_PROBLEM TO SOLVE_
Reproduce exactly the lines from the line containing "- moved C24 0.46 mm to (93.8, 109.7)" through the end of the records below, including both ends, and nothing else.

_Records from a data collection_
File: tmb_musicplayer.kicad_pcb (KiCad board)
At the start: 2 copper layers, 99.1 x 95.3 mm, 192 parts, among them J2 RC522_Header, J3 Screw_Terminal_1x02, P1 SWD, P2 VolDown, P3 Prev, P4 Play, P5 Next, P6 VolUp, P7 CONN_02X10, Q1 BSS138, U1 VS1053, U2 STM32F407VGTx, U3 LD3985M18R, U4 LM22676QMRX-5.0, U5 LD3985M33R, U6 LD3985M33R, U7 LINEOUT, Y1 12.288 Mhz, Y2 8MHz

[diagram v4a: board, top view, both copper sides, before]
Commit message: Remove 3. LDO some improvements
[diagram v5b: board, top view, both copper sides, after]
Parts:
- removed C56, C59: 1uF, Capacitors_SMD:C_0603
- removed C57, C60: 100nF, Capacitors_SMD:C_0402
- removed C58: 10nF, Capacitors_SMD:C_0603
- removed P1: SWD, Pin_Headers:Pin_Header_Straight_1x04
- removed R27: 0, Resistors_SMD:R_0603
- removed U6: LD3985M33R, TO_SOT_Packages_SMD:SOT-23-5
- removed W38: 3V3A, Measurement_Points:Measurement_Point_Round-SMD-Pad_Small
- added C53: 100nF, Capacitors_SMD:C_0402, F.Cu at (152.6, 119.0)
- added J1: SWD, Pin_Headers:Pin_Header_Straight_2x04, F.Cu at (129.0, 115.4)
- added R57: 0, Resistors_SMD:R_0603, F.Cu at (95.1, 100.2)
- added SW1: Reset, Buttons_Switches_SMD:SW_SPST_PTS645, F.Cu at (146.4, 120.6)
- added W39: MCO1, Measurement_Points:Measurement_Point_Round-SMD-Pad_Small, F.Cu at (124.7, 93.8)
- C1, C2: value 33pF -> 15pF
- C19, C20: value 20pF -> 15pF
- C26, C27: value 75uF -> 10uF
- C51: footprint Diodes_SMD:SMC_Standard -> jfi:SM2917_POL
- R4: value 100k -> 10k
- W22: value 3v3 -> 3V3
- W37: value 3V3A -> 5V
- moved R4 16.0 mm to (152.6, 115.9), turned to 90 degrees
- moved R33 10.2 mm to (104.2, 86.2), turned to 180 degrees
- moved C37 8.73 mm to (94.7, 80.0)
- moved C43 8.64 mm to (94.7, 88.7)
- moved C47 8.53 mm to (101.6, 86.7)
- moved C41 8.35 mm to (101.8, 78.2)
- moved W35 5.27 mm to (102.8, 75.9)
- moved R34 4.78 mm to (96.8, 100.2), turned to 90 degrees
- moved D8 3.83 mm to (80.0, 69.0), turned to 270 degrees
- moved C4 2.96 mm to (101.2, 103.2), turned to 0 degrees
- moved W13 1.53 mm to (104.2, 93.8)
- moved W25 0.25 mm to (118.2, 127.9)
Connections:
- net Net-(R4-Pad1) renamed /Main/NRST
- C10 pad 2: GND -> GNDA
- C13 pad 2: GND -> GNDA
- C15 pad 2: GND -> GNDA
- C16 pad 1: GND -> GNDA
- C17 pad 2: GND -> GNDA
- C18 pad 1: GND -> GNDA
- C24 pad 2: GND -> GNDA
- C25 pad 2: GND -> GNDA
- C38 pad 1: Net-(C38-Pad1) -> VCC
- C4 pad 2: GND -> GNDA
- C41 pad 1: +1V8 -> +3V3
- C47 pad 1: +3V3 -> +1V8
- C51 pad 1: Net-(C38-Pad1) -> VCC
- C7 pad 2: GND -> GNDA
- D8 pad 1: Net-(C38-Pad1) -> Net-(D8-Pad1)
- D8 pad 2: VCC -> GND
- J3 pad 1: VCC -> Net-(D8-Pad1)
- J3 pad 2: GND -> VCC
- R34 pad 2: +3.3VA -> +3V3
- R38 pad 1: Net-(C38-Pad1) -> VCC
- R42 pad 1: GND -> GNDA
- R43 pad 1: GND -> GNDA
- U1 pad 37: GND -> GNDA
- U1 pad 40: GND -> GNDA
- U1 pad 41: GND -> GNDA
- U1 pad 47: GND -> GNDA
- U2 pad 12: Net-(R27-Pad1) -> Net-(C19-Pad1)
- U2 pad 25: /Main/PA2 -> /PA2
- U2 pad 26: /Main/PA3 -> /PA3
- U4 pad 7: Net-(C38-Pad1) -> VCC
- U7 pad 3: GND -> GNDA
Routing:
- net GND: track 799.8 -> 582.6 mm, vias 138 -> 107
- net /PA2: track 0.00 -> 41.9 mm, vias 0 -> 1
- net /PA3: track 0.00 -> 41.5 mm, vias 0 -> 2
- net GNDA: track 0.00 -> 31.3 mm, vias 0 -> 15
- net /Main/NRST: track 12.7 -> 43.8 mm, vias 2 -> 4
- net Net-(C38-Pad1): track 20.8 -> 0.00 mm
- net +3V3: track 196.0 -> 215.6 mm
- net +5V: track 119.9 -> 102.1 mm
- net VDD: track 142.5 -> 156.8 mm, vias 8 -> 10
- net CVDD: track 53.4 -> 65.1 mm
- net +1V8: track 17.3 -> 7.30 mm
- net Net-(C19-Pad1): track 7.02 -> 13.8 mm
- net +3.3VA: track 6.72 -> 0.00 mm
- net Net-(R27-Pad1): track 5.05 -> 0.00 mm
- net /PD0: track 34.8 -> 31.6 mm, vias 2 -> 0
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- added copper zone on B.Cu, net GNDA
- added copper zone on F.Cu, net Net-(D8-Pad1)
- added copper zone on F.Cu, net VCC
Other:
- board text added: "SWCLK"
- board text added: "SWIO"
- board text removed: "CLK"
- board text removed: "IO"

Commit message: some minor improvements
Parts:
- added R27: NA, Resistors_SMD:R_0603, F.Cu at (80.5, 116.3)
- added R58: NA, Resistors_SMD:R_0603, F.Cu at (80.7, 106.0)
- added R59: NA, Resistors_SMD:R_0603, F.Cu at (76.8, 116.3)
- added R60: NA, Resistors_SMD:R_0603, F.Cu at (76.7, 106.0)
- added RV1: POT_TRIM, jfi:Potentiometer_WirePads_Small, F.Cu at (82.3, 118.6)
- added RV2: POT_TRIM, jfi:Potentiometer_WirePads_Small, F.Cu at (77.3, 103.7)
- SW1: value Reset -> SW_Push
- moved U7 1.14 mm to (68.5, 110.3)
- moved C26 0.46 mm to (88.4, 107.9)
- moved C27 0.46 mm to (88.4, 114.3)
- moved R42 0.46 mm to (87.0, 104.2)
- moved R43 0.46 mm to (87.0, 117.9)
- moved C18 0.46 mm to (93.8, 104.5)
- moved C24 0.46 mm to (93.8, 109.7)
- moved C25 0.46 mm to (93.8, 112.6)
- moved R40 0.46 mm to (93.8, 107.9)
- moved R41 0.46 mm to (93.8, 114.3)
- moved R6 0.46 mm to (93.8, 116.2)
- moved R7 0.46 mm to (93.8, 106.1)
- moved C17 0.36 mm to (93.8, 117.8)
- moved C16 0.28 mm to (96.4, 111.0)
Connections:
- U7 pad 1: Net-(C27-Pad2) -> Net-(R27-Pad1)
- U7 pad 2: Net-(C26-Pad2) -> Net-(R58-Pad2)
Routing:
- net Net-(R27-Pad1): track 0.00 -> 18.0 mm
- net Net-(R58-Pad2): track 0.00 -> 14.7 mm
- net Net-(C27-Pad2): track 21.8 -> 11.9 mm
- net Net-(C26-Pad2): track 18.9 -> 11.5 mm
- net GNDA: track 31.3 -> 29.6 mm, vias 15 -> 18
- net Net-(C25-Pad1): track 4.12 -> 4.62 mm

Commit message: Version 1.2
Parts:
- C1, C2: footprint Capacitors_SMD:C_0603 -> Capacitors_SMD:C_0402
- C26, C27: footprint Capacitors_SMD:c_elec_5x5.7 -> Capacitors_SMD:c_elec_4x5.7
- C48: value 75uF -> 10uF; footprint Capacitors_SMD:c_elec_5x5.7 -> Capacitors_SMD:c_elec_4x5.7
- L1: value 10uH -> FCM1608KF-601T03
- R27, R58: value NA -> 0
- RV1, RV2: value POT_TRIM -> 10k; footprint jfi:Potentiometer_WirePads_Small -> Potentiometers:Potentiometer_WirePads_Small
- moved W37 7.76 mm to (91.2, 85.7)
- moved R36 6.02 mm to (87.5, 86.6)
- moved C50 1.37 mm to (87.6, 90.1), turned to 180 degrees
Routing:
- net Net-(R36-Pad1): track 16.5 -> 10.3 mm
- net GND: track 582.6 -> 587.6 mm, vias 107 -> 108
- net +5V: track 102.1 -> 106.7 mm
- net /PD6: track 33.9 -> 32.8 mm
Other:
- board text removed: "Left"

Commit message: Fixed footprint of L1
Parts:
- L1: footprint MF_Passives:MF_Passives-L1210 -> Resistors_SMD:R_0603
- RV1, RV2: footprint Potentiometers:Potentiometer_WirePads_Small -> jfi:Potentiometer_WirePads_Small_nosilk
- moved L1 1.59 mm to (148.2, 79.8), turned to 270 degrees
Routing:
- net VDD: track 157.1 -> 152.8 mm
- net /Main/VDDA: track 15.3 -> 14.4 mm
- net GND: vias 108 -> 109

_ANSWER FOR THE TASK_
- moved C24 0.46 mm to (93.8, 109.7)
- moved C25 0.46 mm to (93.8, 112.6)
- moved R40 0.46 mm to (93.8, 107.9)
- moved R41 0.46 mm to (93.8, 114.3)
- moved R6 0.46 mm to (93.8, 116.2)
- moved R7 0.46 mm to (93.8, 106.1)
- moved C17 0.36 mm to (93.8, 117.8)
- moved C16 0.28 mm to (96.4, 111.0)
Connections:
- U7 pad 1: Net-(C27-Pad2) -> Net-(R27-Pad1)
- U7 pad 2: Net-(C26-Pad2) -> Net-(R58-Pad2)
Routing:
- net Net-(R27-Pad1): track 0.00 -> 18.0 mm
- net Net-(R58-Pad2): track 0.00 -> 14.7 mm
- net Net-(C27-Pad2): track 21.8 -> 11.9 mm
- net Net-(C26-Pad2): track 18.9 -> 11.5 mm
- net GNDA: track 31.3 -> 29.6 mm, vias 15 -> 18
- net Net-(C25-Pad1): track 4.12 -> 4.62 mm

Commit message: Version 1.2
Parts:
- C1, C2: footprint Capacitors_SMD:C_0603 -> Capacitors_SMD:C_0402
- C26, C27: footprint Capacitors_SMD:c_elec_5x5.7 -> Capacitors_SMD:c_elec_4x5.7
- C48: value 75uF -> 10uF; footprint Capacitors_SMD:c_elec_5x5.7 -> Capacitors_SMD:c_elec_4x5.7
- L1: value 10uH -> FCM1608KF-601T03
- R27, R58: value NA -> 0
- RV1, RV2: value POT_TRIM -> 10k; footprint jfi:Potentiometer_WirePads_Small -> Potentiometers:Potentiometer_WirePads_Small
- moved W37 7.76 mm to (91.2, 85.7)
- moved R36 6.02 mm to (87.5, 86.6)
- moved C50 1.37 mm to (87.6, 90.1), turned to 180 degrees
Routing:
- net Net-(R36-Pad1): track 16.5 -> 10.3 mm
- net GND: track 582.6 -> 587.6 mm, vias 107 -> 108
- net +5V: track 102.1 -> 106.7 mm
- net /PD6: track 33.9 -> 32.8 mm
Other:
- board text removed: "Left"

Commit message: Fixed footprint of L1
Parts:
- L1: footprint MF_Passives:MF_Passives-L1210 -> Resistors_SMD:R_0603
- RV1, RV2: footprint Potentiometers:Potentiometer_WirePads_Small -> jfi:Potentiometer_WirePads_Small_nosilk
- moved L1 1.59 mm to (148.2, 79.8), turned to 270 degrees
Routing:
- net VDD: track 157.1 -> 152.8 mm
- net /Main/VDDA: track 15.3 -> 14.4 mm
- net GND: vias 108 -> 109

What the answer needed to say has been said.